DATA SECTION START

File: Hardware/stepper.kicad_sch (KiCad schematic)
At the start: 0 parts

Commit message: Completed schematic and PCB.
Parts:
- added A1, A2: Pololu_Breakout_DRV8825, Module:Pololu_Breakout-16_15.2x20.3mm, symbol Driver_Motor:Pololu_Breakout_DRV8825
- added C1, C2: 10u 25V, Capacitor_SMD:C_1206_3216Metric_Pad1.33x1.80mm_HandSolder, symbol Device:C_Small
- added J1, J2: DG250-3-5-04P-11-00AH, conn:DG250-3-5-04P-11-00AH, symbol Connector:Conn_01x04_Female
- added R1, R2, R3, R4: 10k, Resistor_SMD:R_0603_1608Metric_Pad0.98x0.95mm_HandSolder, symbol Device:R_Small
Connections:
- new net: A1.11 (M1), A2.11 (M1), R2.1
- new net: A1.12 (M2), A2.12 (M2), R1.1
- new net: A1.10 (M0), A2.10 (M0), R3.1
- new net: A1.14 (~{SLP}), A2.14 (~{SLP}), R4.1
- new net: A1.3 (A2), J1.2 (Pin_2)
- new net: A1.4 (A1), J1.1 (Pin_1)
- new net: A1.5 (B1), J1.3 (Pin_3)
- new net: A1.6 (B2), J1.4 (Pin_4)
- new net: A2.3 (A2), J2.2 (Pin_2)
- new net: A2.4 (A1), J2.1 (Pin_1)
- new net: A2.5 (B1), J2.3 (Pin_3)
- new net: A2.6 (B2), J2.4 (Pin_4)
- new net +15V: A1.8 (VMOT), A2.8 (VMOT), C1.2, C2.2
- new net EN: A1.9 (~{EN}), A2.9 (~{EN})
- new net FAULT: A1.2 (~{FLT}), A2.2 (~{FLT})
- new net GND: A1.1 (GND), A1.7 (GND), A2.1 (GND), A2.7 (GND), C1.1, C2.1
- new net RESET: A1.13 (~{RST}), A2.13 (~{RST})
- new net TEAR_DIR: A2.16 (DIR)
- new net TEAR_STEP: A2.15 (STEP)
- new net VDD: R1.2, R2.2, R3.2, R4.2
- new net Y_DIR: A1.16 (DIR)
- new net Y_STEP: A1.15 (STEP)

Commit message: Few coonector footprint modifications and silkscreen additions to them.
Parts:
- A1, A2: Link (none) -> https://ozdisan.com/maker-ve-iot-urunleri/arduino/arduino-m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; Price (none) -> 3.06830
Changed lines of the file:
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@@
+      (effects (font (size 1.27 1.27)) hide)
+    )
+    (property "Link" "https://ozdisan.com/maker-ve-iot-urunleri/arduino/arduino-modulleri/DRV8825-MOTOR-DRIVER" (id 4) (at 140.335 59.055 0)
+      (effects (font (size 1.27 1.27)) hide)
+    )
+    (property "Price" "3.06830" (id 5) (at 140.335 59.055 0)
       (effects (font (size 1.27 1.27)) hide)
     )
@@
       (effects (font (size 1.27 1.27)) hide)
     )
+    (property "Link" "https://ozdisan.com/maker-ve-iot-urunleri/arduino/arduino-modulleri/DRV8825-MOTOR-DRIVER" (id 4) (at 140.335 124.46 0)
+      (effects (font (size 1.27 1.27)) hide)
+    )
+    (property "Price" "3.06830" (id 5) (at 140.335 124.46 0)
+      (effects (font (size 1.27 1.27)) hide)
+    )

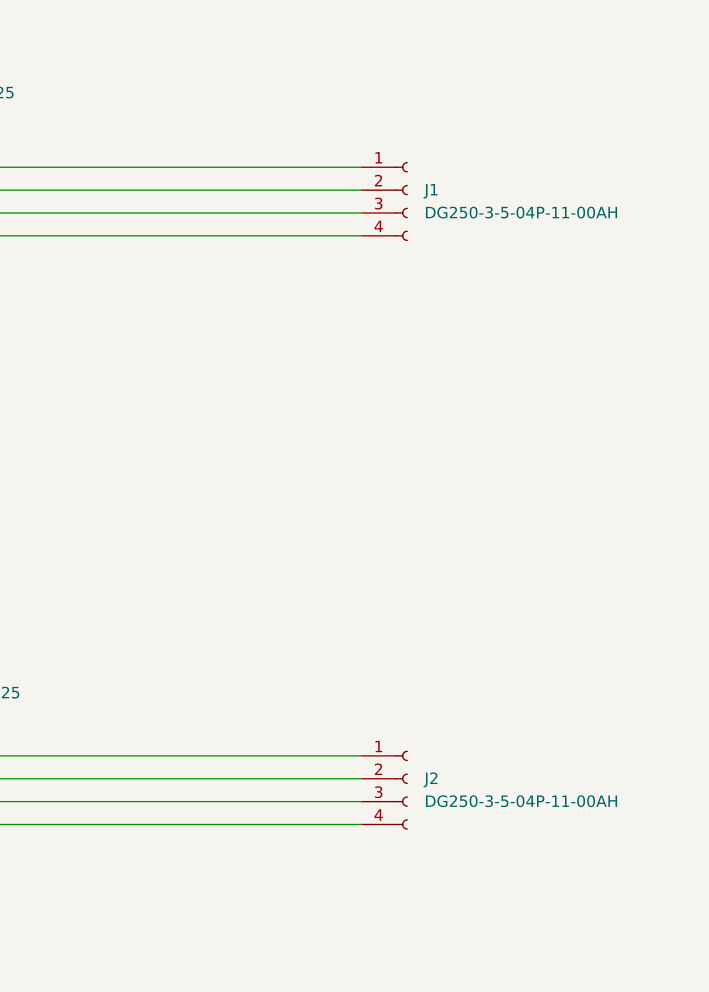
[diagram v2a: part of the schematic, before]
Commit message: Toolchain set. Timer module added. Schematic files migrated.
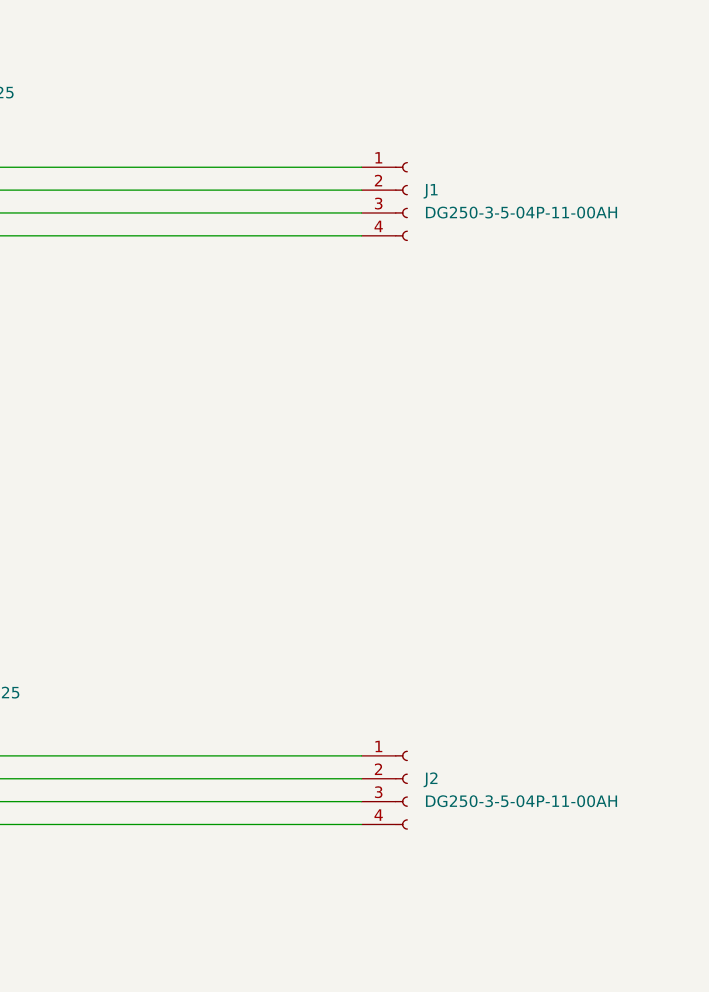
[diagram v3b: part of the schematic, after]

DATA SECTION END

In the material above, transcribe exactly the lines beginning at the one with "At the start: 0 parts" and ending at the one with "- new net: A1.10 (M0), A2.10 (M0), R3.1", both included.

> [WRITTEN SOLUTION]
At the start: 0 parts

Commit message: Completed schematic and PCB.
Parts:
- added A1, A2: Pololu_Breakout_DRV8825, Module:Pololu_Breakout-16_15.2x20.3mm, symbol Driver_Motor:Pololu_Breakout_DRV8825
- added C1, C2: 10u 25V, Capacitor_SMD:C_1206_3216Metric_Pad1.33x1.80mm_HandSolder, symbol Device:C_Small
- added J1, J2: DG250-3-5-04P-11-00AH, conn:DG250-3-5-04P-11-00AH, symbol Connector:Conn_01x04_Female
- added R1, R2, R3, R4: 10k, Resistor_SMD:R_0603_1608Metric_Pad0.98x0.95mm_HandSolder, symbol Device:R_Small
Connections:
- new net: A1.11 (M1), A2.11 (M1), R2.1
- new net: A1.12 (M2), A2.12 (M2), R1.1
- new net: A1.10 (M0), A2.10 (M0), R3.1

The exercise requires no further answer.